Collected data
"""
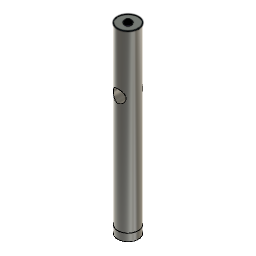
Leg_Link_2 v1 (Autodesk Fusion 360 design; units mm, degrees)
Autodesk Fusion 360 part; units mm, degrees
sketch "Sketch1" plane through (0, 0, 0) normal (0, 0, 1) x (1, 0, 0)
  circle A0 centre (0, 0) radius 4.5
  circle A1 centre (0, 0) radius 1.5
  dimension "d1" = 9
  dimension "d2" = 3
  constraint coincident A0.centre A1.centre
  constraint concentric A0 A1
  measures "d1" diameter of A0
  measures "d2" diameter of A1
extrude "Extrude1" add sketch "Sketch1" against normal blind 76.2 contours A0 | A1 makes body 1
extrude "Extrude2" cut sketch "Sketch1" against normal blind 10 contours A1 bodies 1
sketch "Sketch2" plane through (0, 0, -76.2) normal (0, 0, -1) x (1, 0, 0)
  circle A0 centre (0, 0) radius 4.5
  circle A1 centre (0, 0) radius 1.5
extrude "Extrude3" cut sketch "Sketch2" along normal blind -10 and the other way blind -5 contours A1 bodies 1
ref_plane "WorkPlane1" through (0, 0, 0) normal (0, 1, 0) x (0, 0, 1)
sketch "Sketch3" plane through (0, 0, 0) normal (0, 1, 0) x (1, 0, 0)
  line L0 (4.5, 76.2) -> (-4.5, 76.2)
  line L1 (-4.5, 0) -> (4.5, 0)
  circle A0 centre (0, 25.4) radius 2.75
  line L2 (-4.5, 0) -> (4.5, 0)
  circle A1 centre (0, 81) radius 4.7625
  line L3 (-4.5, 79.4407) -> (-4.5, 76.2)
  arc A2 (-4.5, 79.4407) -> (0, 76.2) centre (0.0531, 81.0184) ccw
  dimension "d10" = 5.5
  dimension "d13" = 25.4
  dimension "d14" = 9.525
  constraint coincident A1 L3.start
  constraint coincident L0.end L3.end
  constraint perpendicular L0 L3
  constraint tangent A1 A2
  constraint midpoint L0 A2.end
  measures "d10" diameter of A0
  measures "d13" distance of A0.centre L2
  measures "d14" diameter of A1
extrude "Extrude4" cut sketch "Sketch3" along normal through all and the other way through all contours A0 bodies 1
revolve "Revolve1" add sketch "Sketch3" angle 360 about axis through (0, 0, 1.75) along (0, 0, 1) separate body contours L0 L3 A2 makes body 2
extrude "Extrude5" cut sketch "Sketch2" along normal blind 5 contours A1 bodies 2
equation "d3 = -25.4 * 3 mm"
equation "d14 = ( ( 3 / 8 ) * 25.4 ) * 1 mm"
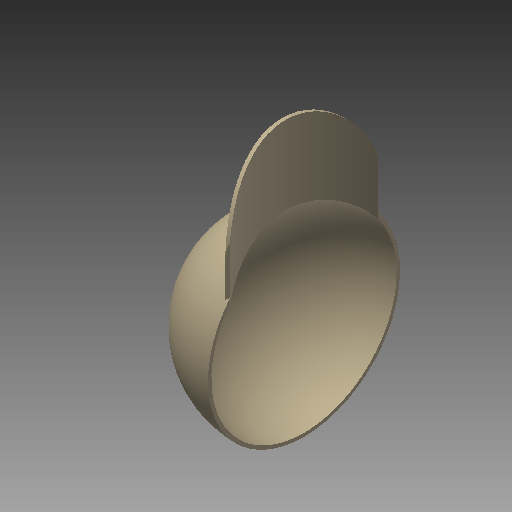
# Autodesk Inventor part: 3D HUMAN
Saved by Autodesk Inventor 2022 (Build 260153000, 153)
## iProperties
Category: PART
Part Number: 3D HUMAN
Document SubType Name: Modeling
Created: 2003-07-26
Designer: M.F.
Manufacturer: Standard
Standards Organization: Custom
Catalog Web Link: www.apollocanard.com
Density: 1 g/cm^3
Material: Generic
Appearance: Beige
Control State: 0
Master: False
Checked Out: False
Shininess: 64.0
Length Units: 11272
Angle Units: 11279
Time Units: 11290
Mass Units: 11286
Length Display Precision: 3
Angle Display Precision: 2
Compacted: True
Density: 0.0
Volumn: 0.0
Area: 0.0
PropertySet Name: Model Information
Title: iMan
Author: M.F.
Autodesk Inventor part; units mm, degrees
sketch "Sketch2" plane through (0, 0, 0) normal (0, 0, 1) x (1, 0, 0)
  line L0 (96.9814, 0) -> (100.5374, 0)
  arc A0 (100.5374, 0) -> (0, 100.5374) centre (0, 0) ccw
  line L1 (0, 100.5374) -> (0, 96.9814)
  arc A1 (96.9814, 0) -> (0, 96.9814) centre (0, 0) ccw
  dimension "d25" = 96.9814
  dimension "d26" = 3.556
  constraints: 4 end point, 4 point on circle, 2 centre point, 2 coincident, 2 point on line, 1 horizontal, 1 perpendicular
  measures "d25" radius of A1
  measures "d26" distance of L0.start L0.end
revolve "Revolution1" add sketch "Sketch2" angle 360 about axis through (0, 100.5374, 0) along (0, -1, 0)
ref_plane "Work Plane1" through (0, 0, 100.5374) normal (0, 0, 1) x (1, 0, 0)
ref_plane "Work Plane2" through (0, 0, 197.5188) normal (0, 0, 1) x (1, 0, 0)
sketch "Sketch4" plane through (0, 0, 197.5188) normal (0, 0, 1) x (1, 0, 0)
  line L0 (-96.9814, 0) -> (96.9814, 0) projected
  arc A0 (0, 19.3963) -> (-77.5851, 0) centre (0, -145.4721) ccw
  arc A1 (0, 22.9523) -> (-79.2585, 3.1376) centre (0, -145.4721) ccw
  line L1 (0, 19.3963) -> (0, 22.9523)
  line L2 (-79.2585, 3.1376) -> (-77.5851, 0)
  point P0 (0, 0)
  dimension "d30" = 19.3963
  dimension "d31" = 19.3963
  dimension "d32" = 3.556
  constraints: 5 point on circle, 4 end point, 2 centre point, 2 vertical alignment, 1 midpoint, 1 perpendicular, 1 point on line
  measures "d30" distance from line of A0.start L0
  measures "d31" distance of L0.start L2.end
  measures "d32" distance of L1.start L1.end
extrude "Extrusion1" add sketch "Sketch4" against normal up to next
mirror "Mirror1" about plane through (0, 19.3963, 197.5188) normal (1, 0, 0) of "Extrusion1"
sketch "Sketch5" plane through (0, 0, 197.5188) normal (0, 0, 1) x (1, 0, 0)
  arc A0 (77.5851, 0) -> (-77.5851, 0) centre (0, -145.4721) ccw projected
  line L0 (-77.5851, 0) -> (77.5851, 0)
  constraints: 2 end point, 1 horizontal
extrude "Extrusion2" cut sketch "Sketch5" against normal up to surface (197.5188 mm away)
sketch "Sketch6" plane through (0, 0, 0) normal (0, 1, 0) x (-1, 0, 0)
  arc A0 (79.2585, 97.8824) -> (-79.2585, 97.8824) centre (0, 97.8824) ccw
  spline S0 degree 3 poles (79.2585, 61.7739) (78.7898, 62.3626) (78.3161, 62.9424) (76.2018, 65.4662) (74.4059, 67.4387) (70.5529, 71.291) (68.4958, 73.1707) (64.2084, 76.7372) (61.9775, 78.4248) (57.4595, 81.5408) (55.1726, 82.9694) (49.2262, 86.3683) (45.2, 88.3377) (36.6968, 91.7804) (32.2196, 93.254) (23.0592, 95.6018) (18.3715, 96.4772) (9.0617, 97.6175) (4.4396, 97.8824) (0, 97.8824) knots 6.508033 6.508033 6.508033 6.508033 6.743552 6.743552 7.549615 7.549615 8.355677 8.355677 9.16174 9.16174 9.967802 9.967802 11.29968 11.29968 12.631559 12.631559 13.963437 13.963437 15.295315 15.295315 15.295315 15.295315 projected
  line L0 (79.2585, 197.5188) -> (79.2585, 61.7739) projected
  line L1 (-79.2585, 197.5188) -> (79.2585, 197.5188) projected
  line L2 (-79.2585, 197.5188) -> (-79.2585, 61.7739) projected
  spline S1 degree 3 poles (0, 97.8824) (-3.8082, 97.8824) (-7.782, 97.6875) (-15.8199, 96.8431) (-19.8839, 96.1936) (-27.8726, 94.4474) (-31.8002, 93.3501) (-39.3161, 90.7851) (-42.9045, 89.3173) (-50.7056, 85.6246) (-55.1538, 83.1048) (-63.6579, 77.2902) (-67.714, 73.9951) (-74.2398, 67.6766) (-76.8554, 64.7921) (-79.2585, 61.7739) knots 10.696449 10.696449 10.696449 10.696449 11.838902 11.838902 12.981356 12.981356 14.123809 14.123809 15.266262 15.266262 16.797921 16.797921 18.32958 18.32958 19.475682 19.475682 19.475682 19.475682 projected
  constraints: 2 point on circle, 2 point on line, 1 centre point, 1 coincident, 1 tangent
extrude "Extrusion3" cut sketch "Sketch6" along normal through all both and the other way through all contours A0 L2 L1 L0
ref_plane "Work Plane3" through (0, -12.9309, 0) normal (0, 1, 0) x (-1, 0, 0)
equation "\"d25\" = 0.5 * HEAD_TOP_WD"
equation "\"d30\" = 0.1 * HEAD_TOP_WD"
equation "\"d31\" = d30"
equation "\"d32\" = d26"
equation "\"d29\" = 0.5 * HEAD_TOP_WD"
equation "\"d39\" = -0.0666667 * HEAD_TOP_WD"
equation "\"HEAD_TOP_WD\" = 193.962833"
body "Solid1"
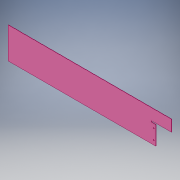
# Autodesk Inventor part: X-Axis Panel Left
Saved by Autodesk Inventor 2018 (Build 220112000, 112)
## iProperties
Created: 2018-10-23
Part Number: X-Axis Panel Left
Material: Steel
Document SubType Name: Modeling
Designer: P301319
Density: 7.85 g/cm^3
Appearance: Pink
Author: P301319
Autodesk Inventor part; units mm, degrees
ref_plane "YZ Plane" through (0, 0, 0) normal (1, 0, 0) x (0, 1, 0)
ref_plane "XZ Plane" through (0, 0, 0) normal (0, 1, 0) x (-1, 0, 0)
ref_plane "XY Plane" through (0, 0, 0) normal (0, 0, 1) x (1, 0, 0)
sketch "Sketch1" plane through (0, 0, 0) normal (0, 1, 0) x (-1, 0, 0)
  line L0 (0, 0) -> (-710, 0)
  line L1 (-710, 0) -> (-710, -150)
  line L2 (-710, -150) -> (0, -150)
  line L3 (0, -150) -> (0, 0)
  dimension "d0" = 710
  dimension "d1" = 150
  constraints: 8 end point, 2 parallel, 1 horizontal, 1 perpendicular
  measures "d0" distance of L2.end L1.end
  measures "d1" distance of L1.end L0.end
extrude "Extrusion1" add sketch "Sketch1" along normal blind 1.6
sketch "Sketch2" plane through (0, 1.6, 0) normal (0, 1, 0) x (1, 0, 0)
  line L0 (710, 0) -> (690, 0)
  line L1 (690, 0) -> (690, 60)
  line L2 (690, 60) -> (710, 60)
  line L3 (710, 60) -> (710, 0)
  circle A0 centre (700, 80) radius 2.5
  circle A1 centre (700, 130) radius 2.5
  line L4 (710, 150) -> (0, 150) projected
  point P0 (0, 0)
  point P1 (700, 60)
  dimension "d6" = 20
  dimension "d7" = 60
  dimension "d10" = 5
  dimension "d11" = 5
  dimension "d12" = 50
  dimension "d13" = 20
  constraints: 8 end point, 2 centre point, 2 parallel, 2 vertical alignment, 1 horizontal, 1 midpoint, 1 perpendicular
  measures "d6" distance of L1.end L2.end
  measures "d7" distance of L0.end L1.end
  measures "d10" diameter of A0
  measures "d11" diameter of A1
  measures "d12" distance of A0.centre A1.centre
  measures "d13" distance from line of L4 A1.centre
extrude "Extrusion3" cut sketch "Sketch2" against normal blind 1.6
sketch "Sketch3" plane through (690, 1.6, 0) normal (1, 0, 0) x (0, 0, -1)
  line L0 (0, -1.6) -> (54, -1.6)
  line L1 (54, -1.6) -> (54, 0)
  line L2 (54, 0) -> (0, 0)
  line L3 (0, 0) -> (0, -1.6)
  dimension "d16" = 54
  dimension "d17" = 1.6
  constraints: 8 end point, 2 parallel, 1 horizontal, 1 perpendicular
  measures "d16" distance of L2.end L1.end
  measures "d17" distance of L1.end L0.end
extrude "Extrusion4" add sketch "Sketch3" along normal blind 95
body "Solid1"
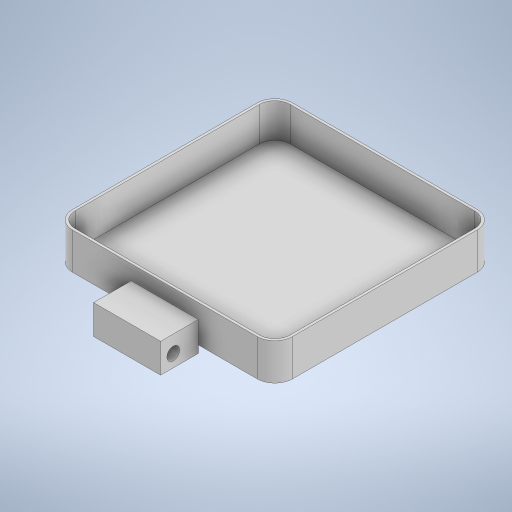
# Autodesk Inventor part: lampa
Saved by Autodesk Inventor 2024 (Build 280153000, 153)
## iProperties
Created: 2023-12-14
Part Number: lampa
Material: Ogólny
Document SubType Name: Modeling
Designer: pient
Density: 1 g/cm^3
Appearance: Domyślna
Author: pient
Autodesk Inventor part; units mm, degrees
ref_plane "YZ Plane" through (0, 0, 0) normal (1, 0, 0) x (0, 1, 0)
ref_plane "XZ Plane" through (0, 0, 0) normal (0, 1, 0) x (-1, 0, 0)
ref_plane "XY Plane" through (0, 0, 0) normal (0, 0, 1) x (1, 0, 0)
sketch "Szkic1" plane through (0, 0, 0) normal (0, 1, 0) x (-1, 0, 0)
  line L0 (52.5, 52.5) -> (-52.5, 52.5)
  line L1 (-52.5, 52.5) -> (-52.5, -52.5)
  line L2 (-52.5, -52.5) -> (52.5, -52.5)
  line L3 (52.5, -52.5) -> (52.5, 52.5)
  point P0 (0, 0)
  dimension "d0" = 105
  dimension "d1" = 105
  dimension "d2" = 52.5
  dimension "d3" = 52.5
  constraints: 8 end point, 2 parallel, 1 horizontal, 1 perpendicular
  measures "d0" distance of L2.end L1.end
  measures "d1" distance of L0.end L1.end
  measures "d2" horizontal distance of L1.end point (0, 0)
  measures "d3" horizontal distance of L1.end point (0, 0)
extrude "Wyciągnięcie proste1" add sketch "Szkic1" along normal blind 17.5
fillet "Zaokrąglenie1" radius 8.5 4 edges at (52.5, 8.75, 52.5) (-52.5, 8.75, 52.5) (52.5, 8.75, -52.5) (-52.5, 8.75, -52.5)
shell "Skorupa1" thickness 1.2 removed faces 1 at (-20.3333, 17.5, -17.5)
sketch "Szkic4" plane through (-44, 0, 52.5) normal (0, 0, 1) x (1, 0, 0)
  line L0 (0, 0) -> (88, 0) projected
  line L1 (28, -3.5) -> (60, -3.5)
  line L2 (60, -3.5) -> (60, 10.5)
  line L3 (60, 10.5) -> (28, 10.5)
  line L4 (28, 10.5) -> (28, -3.5)
  line L5 (0, 17.5) -> (88, 17.5) projected
  point P0 (60, 0)
  point P1 (44, 0)
  point P2 (44, 17.5)
  dimension "d21" = 32
  dimension "d22" = 16
  dimension "d23" = 21
  dimension "d24" = 14
  constraints: 8 end point, 2 midpoint, 2 parallel, 1 horizontal, 1 perpendicular, 1 point on line
  measures "d21" distance of L1.start L1.end
  measures "d22" horizontal distance of L1.end point (44, 0)
  measures "d23" vertical distance of L1.end point (44, 17.5)
  measures "d24" distance of L1.end L2.end
extrude "Wyciągnięcie proste4" add sketch "Szkic4" along normal blind 18
sketch "Szkic6" plane through (-16, -3.5, 52.5) normal (-1, 0, 0) x (0, 0, 1)
  circle A0 centre (12, 6) radius 3
  line L0 (0, 3.5) -> (0, 21) projected
  line L1 (0, 0) -> (18, 0) projected
  point P0 (-52.5, 3.5)
  dimension "d29" = 6
  dimension "d30" = 12
  dimension "d31" = 3
  constraints: 1 centre point
  measures "d29" diameter of A0
  measures "d30" distance from line of L0 A0.centre
  measures "d31" distance edge to line of A0 L1
extrude "Wyciągnięcie proste6" cut sketch "Szkic6" against normal blind 50
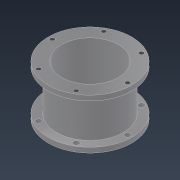
# Autodesk Inventor part: P002-Bati_chambre
Saved by Autodesk Inventor 2021.3 (Build 253353000, 353)
## iProperties
Created: 2022-03-18
Part Number: P002-Bati_chambre
Material: Aluminium
Document SubType Name: Modeling
Designer: Maintenant Prêt
Density: 2.7 g/cm^3
Appearance: Aluminum - Dark
Author: Maintenant Prêt
Autodesk Inventor part; units mm, degrees
ref_plane "YZ Plane" through (0, 0, 0) normal (1, 0, 0) x (0, 1, 0)
ref_plane "XZ Plane" through (0, 0, 0) normal (0, 1, 0) x (-1, 0, 0)
ref_plane "XY Plane" through (0, 0, 0) normal (0, 0, 1) x (1, 0, 0)
sketch "Sketch2" plane through (0, 0, 0) normal (0, 0, 1) x (1, 0, 0)
  line L0 (-28, 0) -> (28, 0) construction
  line L1 (0, -28) -> (0, 28) construction
  circle A0 centre (0, 0) radius 20
  dimension "d3" = 40
  constraints: 1 centre point, 1 coincident
  measures "d3" diameter of A0
extrude "Extrusion1" add sketch "Sketch2" along normal blind 30
sketch "Sketch3" plane through (0, 0, 30) normal (0, 0, 1) x (1, 0, 0)
  point P0 (0, 0)
hole "Hole1" at (0, 0, 30) direction (0, 0, -1) diameter 34 end through all
sketch "Sketch4" plane through (0, 0, 30) normal (0, 0, 1) x (1, 0, 0)
  circle A0 centre (0, 0) radius 20 construction
  circle A1 centre (0, 0) radius 25
  circle A2 centre (0, 0) radius 25 construction
  circle A3 centre (0, 0) radius 20
  circle A4 centre (0, 0) radius 20 construction
  constraints: 2 centre point, 2 coincident, 2 concentric
extrude "Extrusion2" add sketch "Sketch4" against normal blind 3
sketch "Sketch5" plane through (0, 0, 0) normal (0, 0, -1) x (-1, 0, 0)
  circle A0 centre (0, 0) radius 25 construction
  circle A1 centre (0, 0) radius 20 construction
  circle A2 centre (0, 0) radius 25
  circle A3 centre (0, 0) radius 20
  circle A4 centre (0, 0) radius 20 construction
  constraints: 2 centre point, 2 coincident, 2 concentric
extrude "Extrusion3" add sketch "Sketch5" against normal blind 3
sketch "Sketch6" plane through (0, 0, 30) normal (0, 0, 1) x (1, 0, 0)
  circle A0 centre (0, 0) radius 25 construction
  circle A1 centre (0, 0) radius 20 construction
  circle A2 centre (0, 0) radius 22.5 construction
  line L0 (-48.3342, 0) -> (48.3342, 0) construction
  point P0 (-22.5, 0)
  point P1 (-11.25, -19.4856)
  point P2 (11.25, -19.4856)
  point P3 (22.5, 0)
  point P4 (11.25, 19.4856)
  point P5 (-11.25, 19.4856)
  dimension "d19" = 45
  dimension "d17" = 40
  dimension "d18" = 50
  dimension "d22" = 360
  constraints: 2 end point, 1 coincident, 1 horizontal, 1 horizontal alignment, 1 point on line, 11 other
  measures "d17" diameter of A1
  measures "d18" diameter of A0
hole "Hole2" at (-22.5, 0, 30) at (-11.25, -19.4856, 30) at (11.25, -19.4856, 30) at (22.5, 0, 30) at (11.25, 19.4856, 30) at (-11.25, 19.4856, 30) direction (0, 0, -1) diameter 2.459 depth 3 thread size "M3x0.5" class "6H" standard "ISO Metric profile"
sketch "Sketch7" plane through (0, 0, 3) normal (0, 0, 1) x (1, 0, 0)
  circle A0 centre (11.25, -19.4856) radius 1.7 projected
  circle A1 centre (-22.5, 0) radius 1.7 projected
  circle A2 centre (11.25, 19.4856) radius 1.7 projected
  circle A3 centre (-11.25, 19.4856) radius 1.7 projected
  circle A4 centre (-11.25, -19.4856) radius 1.7 projected
  circle A5 centre (22.5, 0) radius 1.7 projected
  circle A6 centre (0, 0) radius 20 projected
  circle A7 centre (0, 0) radius 25 projected
hole "Hole3" at (11.25, -19.4856, 3) at (22.5, 0, 3) at (11.25, 19.4856, 3) at (-11.25, 19.4856, 3) at (-22.5, 0, 3) at (-11.25, -19.4856, 3) direction (0, 0, -1) diameter 3.4 depth 3 clearance for "Flat Head Machine Screw" size "M3" standard "Ansi Metric M Profile"
equation "\"d19\" = 0.5 * d18 + 0.5 * d17"
body "Solid1"
"""
### Problem requirements
Stop after the line containing "10 contours A1 bodies 1": copy the records exactly from the first line up to there, leaving pictures out.

### Expected answer
Leg_Link_2 v1 (Autodesk Fusion 360 design; units mm, degrees)
Autodesk Fusion 360 part; units mm, degrees
sketch "Sketch1" plane through (0, 0, 0) normal (0, 0, 1) x (1, 0, 0)
  circle A0 centre (0, 0) radius 4.5
  circle A1 centre (0, 0) radius 1.5
  dimension "d1" = 9
  dimension "d2" = 3
  constraint coincident A0.centre A1.centre
  constraint concentric A0 A1
  measures "d1" diameter of A0
  measures "d2" diameter of A1
extrude "Extrude1" add sketch "Sketch1" against normal blind 76.2 contours A0 | A1 makes body 1
extrude "Extrude2" cut sketch "Sketch1" against normal blind 10 contours A1 bodies 1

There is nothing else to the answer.